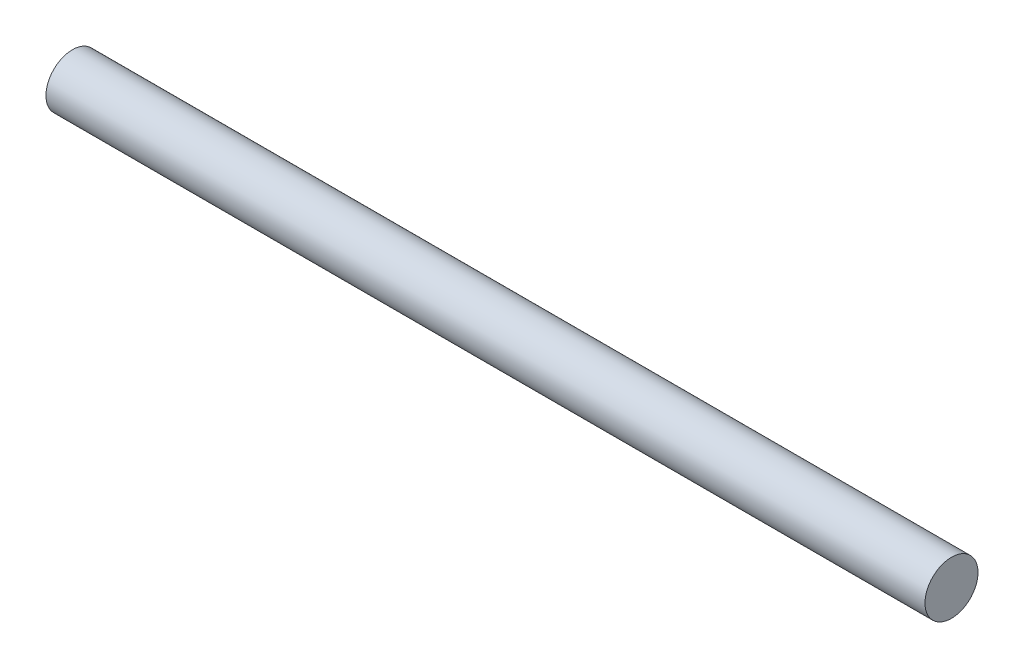
ISO-10303-21;
HEADER;
FILE_DESCRIPTION(('STEP AP214'),'2;1');
FILE_NAME('part.step','',(''),(''),'','','');
FILE_SCHEMA(('AUTOMOTIVE_DESIGN { 1 0 10303 214 1 1 1 1 }'));
ENDSEC;
DATA;
#1=APPLICATION_CONTEXT('core data for automotive mechanical design processes');
#2=APPLICATION_PROTOCOL_DEFINITION('international standard','automotive_design',2000,#1);
#3=PRODUCT_CONTEXT('',#1,'mechanical');
#4=PRODUCT('Part','Part','',(#3));
#5=PRODUCT_RELATED_PRODUCT_CATEGORY('part','',(#4));
#6=PRODUCT_DEFINITION_FORMATION('','',#4);
#7=PRODUCT_DEFINITION_CONTEXT('part definition',#1,'design');
#8=PRODUCT_DEFINITION('design','',#6,#7);
#9=PRODUCT_DEFINITION_SHAPE('','',#8);
#10=(LENGTH_UNIT() NAMED_UNIT(*) SI_UNIT(.MILLI.,.METRE.));
#11=(NAMED_UNIT(*) PLANE_ANGLE_UNIT() SI_UNIT($,.RADIAN.));
#12=(NAMED_UNIT(*) SI_UNIT($,.STERADIAN.) SOLID_ANGLE_UNIT());
#13=UNCERTAINTY_MEASURE_WITH_UNIT(LENGTH_MEASURE(1.E-05),#10,'distance_accuracy_value','');
#14=(GEOMETRIC_REPRESENTATION_CONTEXT(3) GLOBAL_UNCERTAINTY_ASSIGNED_CONTEXT((#13)) GLOBAL_UNIT_ASSIGNED_CONTEXT((#10,
#11,#12)) REPRESENTATION_CONTEXT('',''));
#15=CARTESIAN_POINT('',(0.,0.,0.));
#16=DIRECTION('',(0.,0.,1.));
#17=DIRECTION('',(1.,0.,0.));
#18=AXIS2_PLACEMENT_3D('',#15,#16,#17);
#19=CARTESIAN_POINT('',(80.,0.,0.));
#20=DIRECTION('',(-1.,0.,0.));
#21=DIRECTION('',(0.,0.,1.));
#22=AXIS2_PLACEMENT_3D('',#19,#20,#21);
#23=CYLINDRICAL_SURFACE('',#22,2.413);
#24=CARTESIAN_POINT('',(80.,0.,0.));
#25=DIRECTION('',(1.,0.,0.));
#26=DIRECTION('',(0.,0.,-1.));
#27=AXIS2_PLACEMENT_3D('',#24,#25,#26);
#28=CIRCLE('',#27,2.413);
#29=CARTESIAN_POINT('',(80.,0.,-2.413));
#30=VERTEX_POINT('',#29);
#31=EDGE_CURVE('E10',#30,#30,#28,.T.);
#32=ORIENTED_EDGE('',*,*,#31,.F.);
#33=EDGE_LOOP('',(#32));
#34=FACE_BOUND('',#33,.T.);
#35=CARTESIAN_POINT('',(0.,0.,0.));
#36=DIRECTION('',(1.,0.,0.));
#37=DIRECTION('',(0.,0.,-1.));
#38=AXIS2_PLACEMENT_3D('',#35,#36,#37);
#39=CIRCLE('',#38,2.413);
#40=CARTESIAN_POINT('',(0.,0.,-2.413));
#41=VERTEX_POINT('',#40);
#42=EDGE_CURVE('E35',#41,#41,#39,.T.);
#43=ORIENTED_EDGE('',*,*,#42,.T.);
#44=EDGE_LOOP('',(#43));
#45=FACE_BOUND('',#44,.T.);
#46=ADVANCED_FACE('F32',(#34,#45),#23,.T.);
#47=CARTESIAN_POINT('',(80.,0.,0.));
#48=DIRECTION('',(1.,0.,0.));
#49=DIRECTION('',(0.,0.,-1.));
#50=AXIS2_PLACEMENT_3D('',#47,#48,#49);
#51=PLANE('',#50);
#52=ORIENTED_EDGE('',*,*,#31,.T.);
#53=EDGE_LOOP('',(#52));
#54=FACE_BOUND('',#53,.T.);
#55=ADVANCED_FACE('F47',(#54),#51,.T.);
#56=CARTESIAN_POINT('',(0.,0.,0.));
#57=DIRECTION('',(1.,0.,0.));
#58=DIRECTION('',(0.,0.,-1.));
#59=AXIS2_PLACEMENT_3D('',#56,#57,#58);
#60=PLANE('',#59);
#61=ORIENTED_EDGE('',*,*,#42,.F.);
#62=EDGE_LOOP('',(#61));
#63=FACE_BOUND('',#62,.T.);
#64=ADVANCED_FACE('F45',(#63),#60,.F.);
#65=CLOSED_SHELL('',(#46,#55,#64));
#66=MANIFOLD_SOLID_BREP('B2',#65);
#67=ADVANCED_BREP_SHAPE_REPRESENTATION('',(#18,#66),#14);
#68=SHAPE_DEFINITION_REPRESENTATION(#9,#67);
ENDSEC;
END-ISO-10303-21;
==*==
Write the records out again in full, exactly, and skip every picture.

ISO-10303-21;
HEADER;
FILE_DESCRIPTION(('STEP AP214'),'2;1');
FILE_NAME('part.step','',(''),(''),'','','');
FILE_SCHEMA(('AUTOMOTIVE_DESIGN { 1 0 10303 214 1 1 1 1 }'));
ENDSEC;
DATA;
#1=APPLICATION_CONTEXT('core data for automotive mechanical design processes');
#2=APPLICATION_PROTOCOL_DEFINITION('international standard','automotive_design',2000,#1);
#3=PRODUCT_CONTEXT('',#1,'mechanical');
#4=PRODUCT('Part','Part','',(#3));
#5=PRODUCT_RELATED_PRODUCT_CATEGORY('part','',(#4));
#6=PRODUCT_DEFINITION_FORMATION('','',#4);
#7=PRODUCT_DEFINITION_CONTEXT('part definition',#1,'design');
#8=PRODUCT_DEFINITION('design','',#6,#7);
#9=PRODUCT_DEFINITION_SHAPE('','',#8);
#10=(LENGTH_UNIT() NAMED_UNIT(*) SI_UNIT(.MILLI.,.METRE.));
#11=(NAMED_UNIT(*) PLANE_ANGLE_UNIT() SI_UNIT($,.RADIAN.));
#12=(NAMED_UNIT(*) SI_UNIT($,.STERADIAN.) SOLID_ANGLE_UNIT());
#13=UNCERTAINTY_MEASURE_WITH_UNIT(LENGTH_MEASURE(1.E-05),#10,'distance_accuracy_value','');
#14=(GEOMETRIC_REPRESENTATION_CONTEXT(3) GLOBAL_UNCERTAINTY_ASSIGNED_CONTEXT((#13)) GLOBAL_UNIT_ASSIGNED_CONTEXT((#10,
#11,#12)) REPRESENTATION_CONTEXT('',''));
#15=CARTESIAN_POINT('',(0.,0.,0.));
#16=DIRECTION('',(0.,0.,1.));
#17=DIRECTION('',(1.,0.,0.));
#18=AXIS2_PLACEMENT_3D('',#15,#16,#17);
#19=CARTESIAN_POINT('',(80.,0.,0.));
#20=DIRECTION('',(-1.,0.,0.));
#21=DIRECTION('',(0.,0.,1.));
#22=AXIS2_PLACEMENT_3D('',#19,#20,#21);
#23=CYLINDRICAL_SURFACE('',#22,2.413);
#24=CARTESIAN_POINT('',(80.,0.,0.));
#25=DIRECTION('',(1.,0.,0.));
#26=DIRECTION('',(0.,0.,-1.));
#27=AXIS2_PLACEMENT_3D('',#24,#25,#26);
#28=CIRCLE('',#27,2.413);
#29=CARTESIAN_POINT('',(80.,0.,-2.413));
#30=VERTEX_POINT('',#29);
#31=EDGE_CURVE('E10',#30,#30,#28,.T.);
#32=ORIENTED_EDGE('',*,*,#31,.F.);
#33=EDGE_LOOP('',(#32));
#34=FACE_BOUND('',#33,.T.);
#35=CARTESIAN_POINT('',(0.,0.,0.));
#36=DIRECTION('',(1.,0.,0.));
#37=DIRECTION('',(0.,0.,-1.));
#38=AXIS2_PLACEMENT_3D('',#35,#36,#37);
#39=CIRCLE('',#38,2.413);
#40=CARTESIAN_POINT('',(0.,0.,-2.413));
#41=VERTEX_POINT('',#40);
#42=EDGE_CURVE('E35',#41,#41,#39,.T.);
#43=ORIENTED_EDGE('',*,*,#42,.T.);
#44=EDGE_LOOP('',(#43));
#45=FACE_BOUND('',#44,.T.);
#46=ADVANCED_FACE('F32',(#34,#45),#23,.T.);
#47=CARTESIAN_POINT('',(80.,0.,0.));
#48=DIRECTION('',(1.,0.,0.));
#49=DIRECTION('',(0.,0.,-1.));
#50=AXIS2_PLACEMENT_3D('',#47,#48,#49);
#51=PLANE('',#50);
#52=ORIENTED_EDGE('',*,*,#31,.T.);
#53=EDGE_LOOP('',(#52));
#54=FACE_BOUND('',#53,.T.);
#55=ADVANCED_FACE('F47',(#54),#51,.T.);
#56=CARTESIAN_POINT('',(0.,0.,0.));
#57=DIRECTION('',(1.,0.,0.));
#58=DIRECTION('',(0.,0.,-1.));
#59=AXIS2_PLACEMENT_3D('',#56,#57,#58);
#60=PLANE('',#59);
#61=ORIENTED_EDGE('',*,*,#42,.F.);
#62=EDGE_LOOP('',(#61));
#63=FACE_BOUND('',#62,.T.);
#64=ADVANCED_FACE('F45',(#63),#60,.F.);
#65=CLOSED_SHELL('',(#46,#55,#64));
#66=MANIFOLD_SOLID_BREP('B2',#65);
#67=ADVANCED_BREP_SHAPE_REPRESENTATION('',(#18,#66),#14);
#68=SHAPE_DEFINITION_REPRESENTATION(#9,#67);
ENDSEC;
END-ISO-10303-21;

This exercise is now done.